The 1619 Project, a long-form journalism project developed by
Nikole Hannah-Jones, writers from The New York Times,
and The New York Times Magazine, came under attack. The highly praised series and book re-examined
the Black experience in the New World from the importation of
African “indentured servants” to the Jamestown Colony in
1619. It clearly showed that the generational
experience of slavery continues to put African-Americans at a
social and economic disadvantage and laid the blame for
that on the development of an explicitly racist ideology that
still lurks not far below the surface of polite white society.
Now it has been adapted as a six
part documentary on Hulu.
Naturally the right wing
propaganda machine is on a full-press attack on the series and on it’s
authors. Hannah-Jones was denied
a tenured position at the University of North Carolina after the
university’s board of trustees took the highly unusual step of failing
to approve the Journalism Department’s recommendation
under intense pressure and threats to withhold state funding
for the school and a boycott by wealthy white donors.
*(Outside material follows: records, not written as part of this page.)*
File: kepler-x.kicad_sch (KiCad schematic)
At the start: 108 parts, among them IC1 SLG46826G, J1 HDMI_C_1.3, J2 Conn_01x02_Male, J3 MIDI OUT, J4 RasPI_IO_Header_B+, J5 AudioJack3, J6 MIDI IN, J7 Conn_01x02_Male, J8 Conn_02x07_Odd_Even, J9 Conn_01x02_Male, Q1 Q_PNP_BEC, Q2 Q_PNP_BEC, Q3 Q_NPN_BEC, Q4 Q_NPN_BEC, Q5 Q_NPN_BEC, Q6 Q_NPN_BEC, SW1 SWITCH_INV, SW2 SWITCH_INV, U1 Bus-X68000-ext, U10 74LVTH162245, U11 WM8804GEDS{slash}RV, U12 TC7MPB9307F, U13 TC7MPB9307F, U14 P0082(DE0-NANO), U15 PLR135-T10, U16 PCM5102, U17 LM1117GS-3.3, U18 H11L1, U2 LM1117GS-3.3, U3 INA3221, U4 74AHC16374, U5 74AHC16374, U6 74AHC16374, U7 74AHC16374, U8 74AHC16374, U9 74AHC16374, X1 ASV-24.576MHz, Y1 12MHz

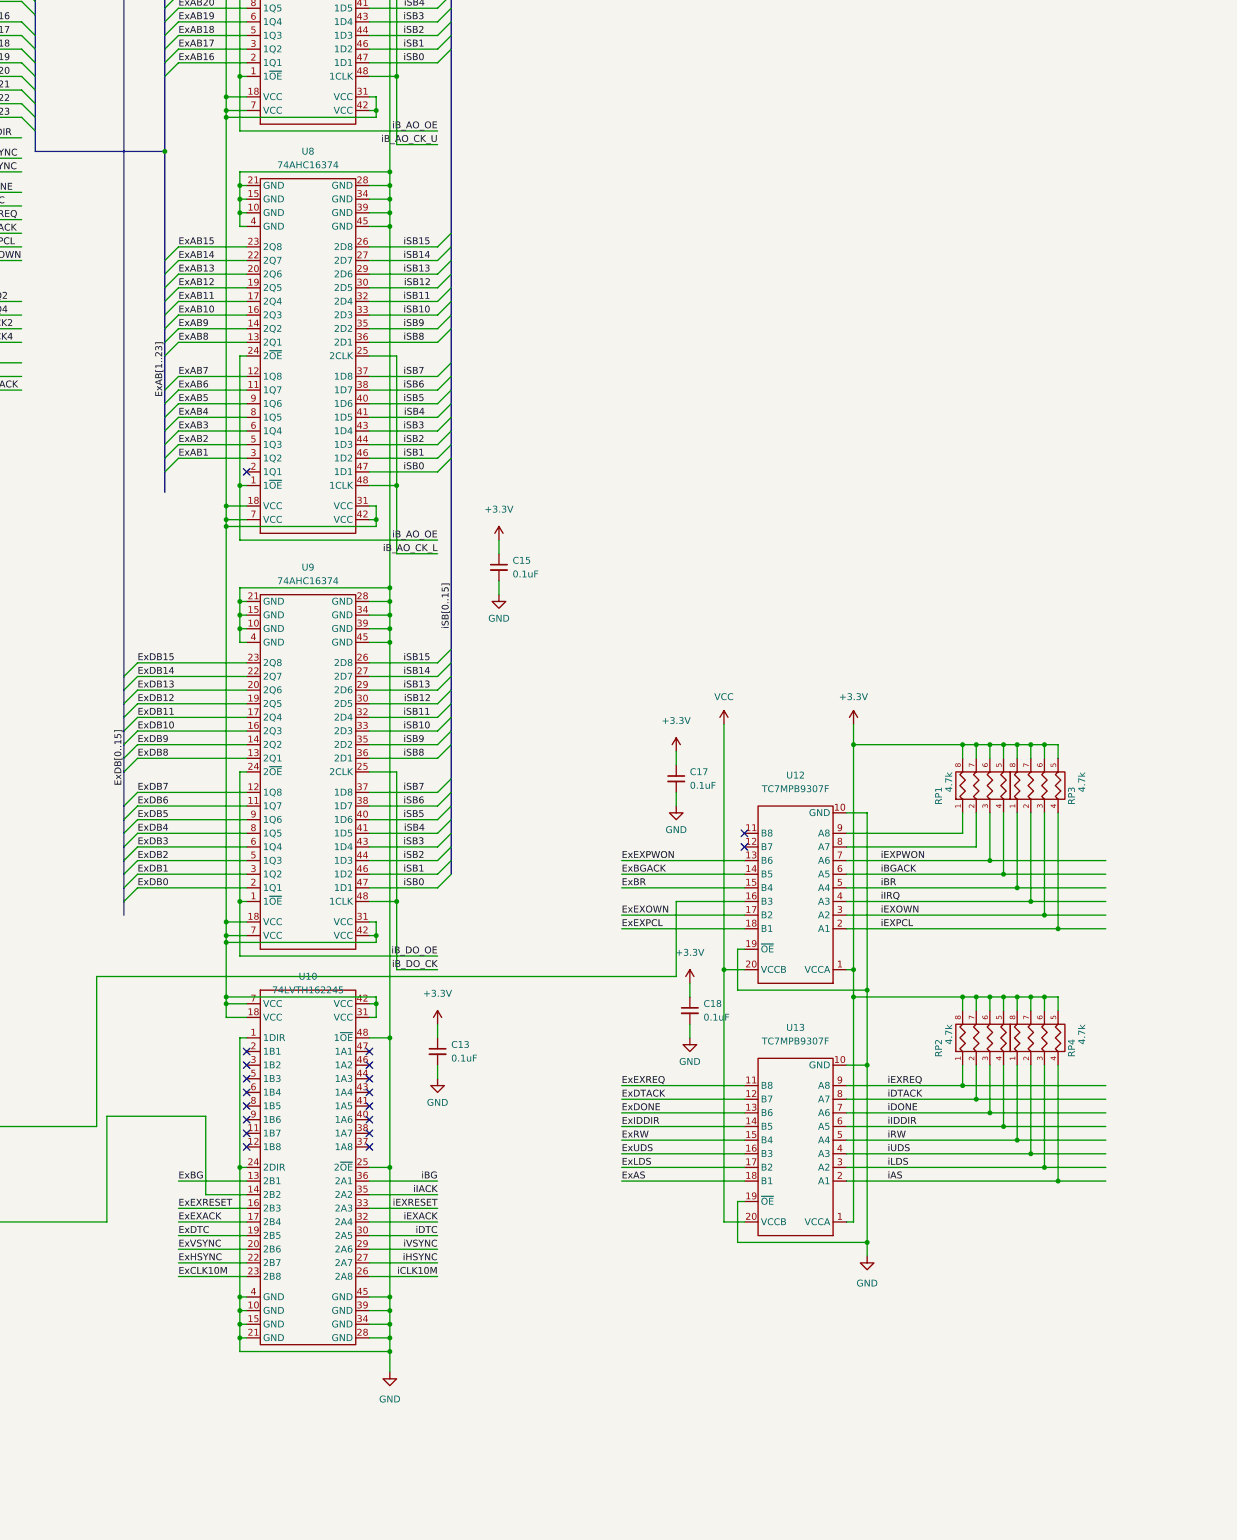
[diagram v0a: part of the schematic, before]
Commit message: Fixed the board can accept TC7MPB9307FT or TC7MPB9307FK.
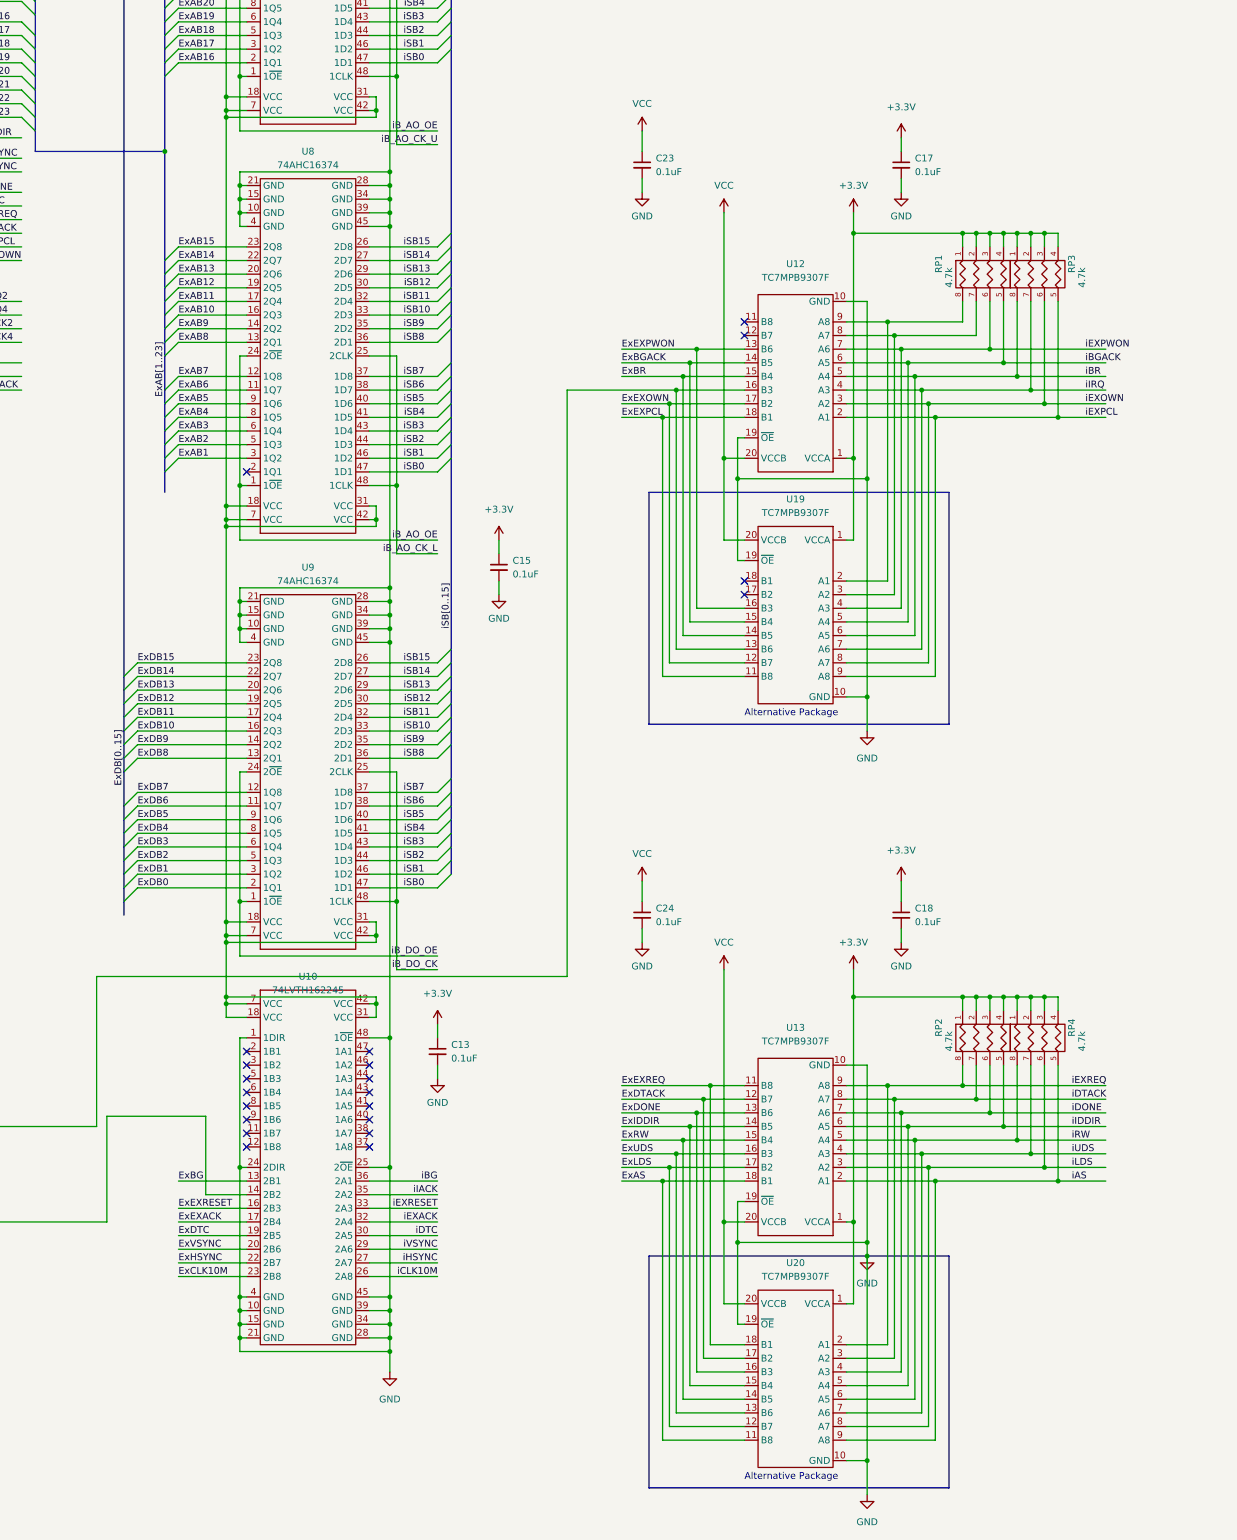
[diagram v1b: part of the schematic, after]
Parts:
- added C23, C24: 0.1uF, Capacitor_SMD:C_0603_1608Metric_Pad1.08x0.95mm_HandSolder, symbol Device:C_Small
- added U19, U20: TC7MPB9307F, x68000-ext:VSSOP-20_3x5mm_P0.5mm, symbol x68000-ext:TC7MPB9307F
- U12, U13: footprint Housings_SSOP:TSSOP-20_4.4x6.5mm_Pitch0.65mm -> x68000-ext:TSSOP-20_4.4x6.5mm_Pitch0.65mm
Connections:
- net +3V3: now also RP1.1 (P1), RP1.2 (P2), RP1.3 (P3), RP1.4 (P4), RP2.1 (P1), RP2.2 (P2), RP2.3 (P3), RP2.4 (P4), RP3.1 (P1), RP3.2 (P2), RP3.3 (P3), RP3.4 (P4), RP4.1 (P1), RP4.2 (P2), RP4.3 (P3), RP4.4 (P4), U19.1 (VCCA), U20.1 (VCCA); no longer RP1.5 (R4), RP1.6 (R3), RP1.7 (R2), RP1.8 (R1), RP2.5 (R4), RP2.6 (R3), RP2.7 (R2), RP2.8 (R1), RP3.5 (R4), RP3.6 (R3), RP3.7 (R2), RP3.8 (R1), RP4.5 (R4), RP4.6 (R3), RP4.7 (R2), RP4.8 (R1)
- net ExAS: now also U20.11 (B8)
- net ExBGACK: now also U19.15 (B4)
- net ExBR: now also U19.14 (B5)
- net ExDONE: now also U20.16 (B3)
- net ExDTACK: now also U20.17 (B2)
- net ExEXOWN: now also U19.12 (B7)
- net ExEXPCL: now also U19.11 (B8)
- net ExEXPWON: now also U19.16 (B3)
- net ExEXREQ: now also U20.18 (B1)
- net ExIDDIR: now also U20.15 (B4)
- net ExLDS: now also U20.12 (B7)
- net ExRW: now also U20.14 (B5)
- net ExUDS: now also U20.13 (B6)
- net GND: now also C23.2, C24.2, U19.10 (GND), U19.19 (~{OE}), U20.10 (GND), U20.19 (~{OE})
- net VCC: now also C23.1, C24.1, U19.20 (VCCB), U20.20 (VCCB)
- net iAS: now also RP4.5 (R4), U20.9 (A8); no longer RP4.4 (P4)
- net iBGACK: now also RP1.5 (R4), U19.5 (A4); no longer RP1.4 (P4)
- net iBR: now also RP3.8 (R1), U19.6 (A5); no longer RP3.1 (P1)
- net iDONE: now also RP2.6 (R3), U20.4 (A3); no longer RP2.3 (P3)
- net iDTACK: now also RP2.7 (R2), U20.3 (A2); no longer RP2.2 (P2)
- net iEXOWN: now also RP3.6 (R3), U19.8 (A7); no longer RP3.3 (P3)
- net iEXPCL: now also RP3.5 (R4), U19.9 (A8); no longer RP3.4 (P4)
- net iEXPWON: now also RP1.6 (R3), U19.4 (A3); no longer RP1.3 (P3)
- net iEXREQ: now also RP2.8 (R1), U20.2 (A1); no longer RP2.1 (P1)
- net iIDDIR: now also RP2.5 (R4), U20.5 (A4); no longer RP2.4 (P4)
- net iIRQ: now also RP3.7 (R2), U19.7 (A6); no longer RP3.2 (P2)
- net iLDS: now also RP4.6 (R3), U20.8 (A7); no longer RP4.3 (P3)
- net iRW: now also RP4.8 (R1), U20.6 (A5); no longer RP4.1 (P1)
- net iUDS: now also RP4.7 (R2), U20.7 (A6); no longer RP4.2 (P2)
- net at U12.9 (A8): now also RP1.8 (R1), U19.2 (A1); no longer RP1.1 (P1)
- net at U12.8 (A7): now also RP1.7 (R2), U19.3 (A2); no longer RP1.2 (P2)
- net at SW1.2, U12.16 (B3): now also U19.13 (B6)
- no-connect marks 59 -> 61
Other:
- note added: "Alternative Package"
- moved on the sheet: C17, C18, RP1, RP3, U12

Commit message: Commit current status
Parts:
- added C?: 0.1uF, Capacitor_SMD:C_0603_1608Metric_Pad1.08x0.95mm_HandSolder, symbol Device:C_Small
- added C?: 0.01uF, Capacitor_SMD:C_0603_1608Metric_Pad1.08x0.95mm_HandSolder, symbol Device:C_Small
- added FB? (x2): FerriteBead_Small, symbol Device:FerriteBead_Small
- added JP? (x10): Jumper_NO_Small, symbol device:Jumper_NO_Small
- added SW?: SWITCH_INV, Pin_Headers:Pin_Header_Straight_1x03, symbol device:SWITCH_INV
- R10, R11: value R_Small_US -> 10K
- R12, R13: value R_Small_US -> 110
- R14: value R_Small_US -> 2.2K
- R15: value R_Small_US -> 120
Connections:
- net +3V3: now also SW?.3; no longer X1.4 (Vdd)
- net FM_CLK4M: now also JP?.1; no longer J4.26 (GPIO7/CE1-N)
- net FM_DAT: now also JP?.1; no longer J4.32 (GPIO12)
- net FM_IRQ: now also JP?.1; no longer J4.29 (GPIO5)
- net FM_LRCK: now also JP?.1; no longer J4.33 (GPIO13)
- net FM_PHY: now also JP?.1; no longer J4.31 (GPIO6)
- net FM_RD: now also JP?.1; no longer J4.27 (ID_SD)
- net FM_SCLK: now also JP?.1; no longer J4.36 (GPIO16)
- net FM_SDATA: now also JP?.1; no longer J4.37 (GPIO26)
- net FM_WR: now also JP?.1; no longer J4.28 (ID_SC)
- net GND: now also C?.2, C?.2; no longer J4.17 (3V3)
- net iCLK24M576: now also FB?.2; no longer X1.3 (OUT)
- net iEXRESET: now also JP?.1; no longer J4.40 (GPIO21)
- net at D10.2 (A2), D7.2 (A): now also J3.T; no longer J3.R
- net at D10.1 (A1), D6.1 (K): now also J3.R; no longer J3.T
- net at D8.1 (A1), Q5.2 (E), R15.2: now also J6.T; no longer J6.R
- net at D8.2 (A2), D9.2 (A): now also J6.R; no longer J6.T
- net at U14.JP2_29 (GPIO-1_VCC3P3): now also SW?.1
- new net: J4.31 (GPIO6), JP?.2
- new net: FB?.1, X1.3 (OUT)
- new net: C?.1, C?.1, FB?.2, X1.4 (Vdd)
- new net: J4.37 (GPIO26), JP?.2
- new net: J4.32 (GPIO12), JP?.2
- new net: J4.28 (ID_SC), JP?.2
- new net: FB?.1, SW?.2
- new net: J4.29 (GPIO5), JP?.2
- new net: J4.33 (GPIO13), JP?.2
- new net: J4.26 (GPIO7/CE1-N), JP?.2
- new net: J4.40 (GPIO21), JP?.2
- new net: J4.27 (ID_SD), JP?.2
- new net: J4.36 (GPIO16), JP?.2
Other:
- moved on the sheet: J3, TP4

Republican governors like newly elected Glenn Youngkin of Virginia and
GOP controlled state legislators rushed to ban the teaching of critical
race theory after a campaign to stir up a social panic was
whipped by Tucker Carlson and other Fox News propagandists and
the right-wing echo chamber on social media. Local school board meetings have been stormed
and disrupted; teacher, administrators, and parents
have been threatened and/or assaulted; captive library
boards are banning books.
As one eight-year old
observed in the related banning of the graphic novel Maus about
the Holocaust, “The people who want to ban this are the ones who want to
do it again.”
This year Republican Florida
Governor and presidential wannabe Ron DeSantis has cashed in on the hysteria by announced
plans to block state colleges from having programs on diversity,
equity, and inclusion, as well as critical race theory (CRT). He also blocked a new national high school
Advanced Placement course from public schools and threatened sanctions
of private schools that adopted it.
And now television stations are
being inundated with protests and threats for airing Black History Minutes
and other programing that have been routine for years.
The roots of the annual Black History Month observance stretch back to 1926 when Carter G. Woodson and the Association for the Study of Negro Life and
History announced the second week of February to be Negro History Week. Woodson,
who died in 1950, spent the rest of his life promoting historical awareness
in both academia and the community. There was plenty of resistance in the first case and the revelation of an untapped
hunger in the second.
In the wake of the Civil Rights Movement and especially
the Black Power movement of the 1970’s
Black history finally began to take hold as a recognized academic discipline and as part of the curriculum in public and private schools.
The first Black History Month was celebrated at Kent State University in Ohio. By
1976 President Gerald Ford
recognized Black History Month, during the celebration
of the United States Bicentennial.
Since then, Black History month has
spread and now usually adopts a theme each year. This year the theme is Black
Resistance.
By the early 21st Century the
media and many corporations seemed
to have coopted the month in an
attempt to pander to the Black
community and inoculate themselves
against charges of institutional racism. Ubiquitous Black History Moments on
television promoted hero worship of individual “pioneers” often without any context
to a broader struggle or the experience of ordinary Black people. It has also drawn criticism for “ghettoizing” Black history and
confining it to a silo without connection
to American history as a whole. Actor and director Morgan Freeman declared “I don’t want a Black history
month. Black history is American history.”
I’m well aware of these pitfalls as a White writer, amateur historian, and hope-to-be
ally. Yet I think there is still
much to be learned if Black History can be placed in its broadest context and include the struggles and sacrifices
of the many as well as iconic figures. That’s what Heretic, Rebel, a Thing to Flout will
try to do for the rest of the month.
We will be assembling a wide variety
of posts from many years on this blog, updating them as necessary and
adding new ones. Feel free to respond with criticism, questions, and suggestions.